Consider the chili cheese fry platter as a meal in itself, and the sole the reason for my visit to Chili King Friday last, a nondescript shack in Lennox, both dwarfed by and servicing the needs of the car wash whose lot it shares. The cost of said meal (pictured, top): $3.25.
Within seconds of my approach I pick up on the probability that the tenders of said shack would rather be selling me pupusas or tamales on this day. Both delicacies are called out first, with largesse, on the wall’s menu, establishment nomenclature be damned. Still, cuisine bait-and-switch and brief language barriers dodged, my tinfoil-wrapped $3.25 chili-cheese fry platter arrives soon enough, and it is a not inconsiderable platter for the price, and I am eating and enjoying the music thumping out of the adjacent car wash. Jack-cheddar blended store-bought cheese melts before my eyes as I dig into a chili that has a certain funk about it: spices merge with the graininess meat can only attain once it’s been simmering longer than perhaps it should have. It’s a mysterious chili, any way you slice it. What precisely have they been throwing into that pot? This chili entices even while it eludes categorization; ’tis a murky, grainy affair. One thing is certain, however, and that is that regardless of what comprises it, this chili is also most certainly a stain-your-shirt type of affair. No doubts about it. Previously frozen thick-cut fries form a crunchy bed, one that softens over time underneath this goopy mess someplace, but I do not demerit Chili King’s frozen fry factor: unless you’re B & R (hand-sliced with skin-on), and few are, basically standard operating procedure in these woods.

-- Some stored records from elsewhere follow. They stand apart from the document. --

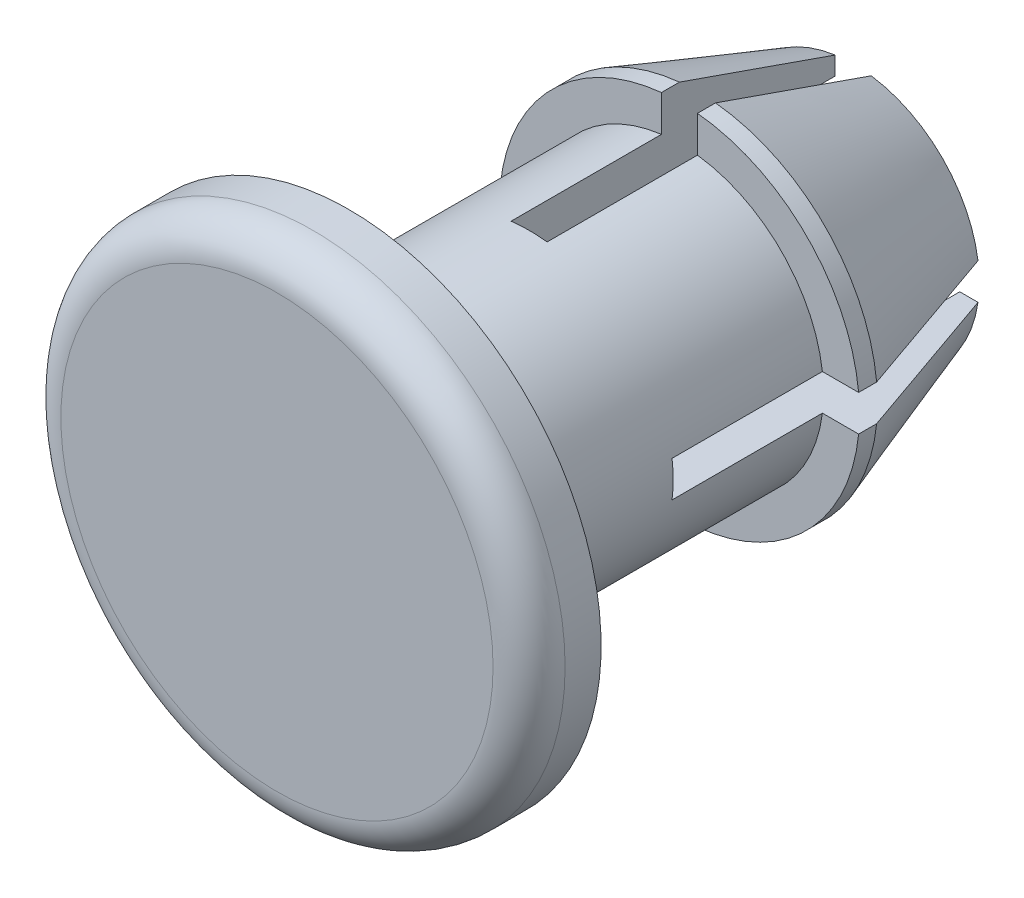
from build123d import *

# Parameters (mm, degrees)
SKETCH1_R           = 7
BOSS_EXTRUDE1_DEPTH = 8
SKETCH2_OUTSIDE_W   = 21.092
SKETCH2_OUTSIDE_H   = 21.092
SKETCH2_OUTSIDE_R   = 5
CUT_EXTRUDE1_DEPTH  = 14
SKETCH3_W           = 9
SKETCH3_H           = 9.175
SKETCH4_R           = 3
CUT_EXTRUDE2_DEPTH  = 15
CUT_EXTRUDE3_DEPTH  = 9
FILLET1_R           = 1


with BuildPart() as part:
    # Sketch1 → Boss-Extrude1 (new, symmetric)
    with BuildSketch(Plane.XY):
        Circle(SKETCH1_R)
    extrude(amount=BOSS_EXTRUDE1_DEPTH, both=True)

    # Sketch2 outside → Cut-Extrude1 (cut)
    with BuildSketch(Plane(origin=(0, 0, -8), x_dir=(-1, 0, 0), z_dir=(0, 0, -1))):
        Rectangle(SKETCH2_OUTSIDE_W, SKETCH2_OUTSIDE_H)
        Circle(SKETCH2_OUTSIDE_R, mode=Mode.SUBTRACT)
    extrude(amount=-CUT_EXTRUDE1_DEPTH, mode=Mode.SUBTRACT)

    # Sketch3 → Cut-Revolve1 (revolve, cut)
    with BuildSketch(Plane(origin=(0, 0, 0), x_dir=(1, 0, 0), z_dir=(0, 1, 0)), mode=Mode.PRIVATE) as cut_revolve1_sk:
        Polygon((-5, 3.675), (-3.5, 8), (-5, 8), align=None)
        with Locations((-8.5, -1.4125)):
            Rectangle(SKETCH3_W, SKETCH3_H)
    revolve(cut_revolve1_sk.sketch.rotate(Axis((0, 0, 6), (0, 0, -1)), 180), axis=Axis((0, 0, 6), (0, 0, -1)), mode=Mode.SUBTRACT)

    # Sketch4 → Cut-Extrude2 (cut)
    with BuildSketch(Plane(origin=(0, 0, -8), x_dir=(-1, 0, 0), z_dir=(0, 0, -1))):
        Circle(SKETCH4_R)
    extrude(amount=-CUT_EXTRUDE2_DEPTH, mode=Mode.SUBTRACT)

    # Sketch5 → Cut-Extrude3 (cut)
    with BuildSketch(Plane(origin=(0, 0, -8), x_dir=(-1, 0, 0), z_dir=(0, 0, -1))):
        Polygon((-0.5, 12), (0.5, 12), (0.5, 0.5), (12, 0.5), (12, -0.5), (0.5, -0.5), (0.5, -12), (-0.5, -12), (-0.5, -0.5), (-12, -0.5), (-12, 0.5), (-0.5, 0.5), align=None)
    extrude(amount=-CUT_EXTRUDE3_DEPTH, mode=Mode.SUBTRACT)

    # Fillet1
    fillet1_edges = [part.edges().sort_by_distance(p)[0] for p in [
        (-7, 0, 8),
    ]]
    fillet(fillet1_edges, radius=FILLET1_R)


solid = part.part

Directly across the street, a jet flies over the downtrodden façade of an aptly-named strip club (Jet Strip; nice pun). Her presumably cool, glittery, dark, perhaps disgusting, sickeningly-sweet interior beckons to me now, but I have places to go; platters of chili to consider. Full dancer schedule, various dance prices and unnecessary interior descriptions available at http://www.jetstrip.com/ (I’m told).
10623 Hawthorne Blvd
Chili Corridor-adjacent; tell ’em Ryan sent you.
(They won’t know what the hell you are talking about; still, tell ’em.)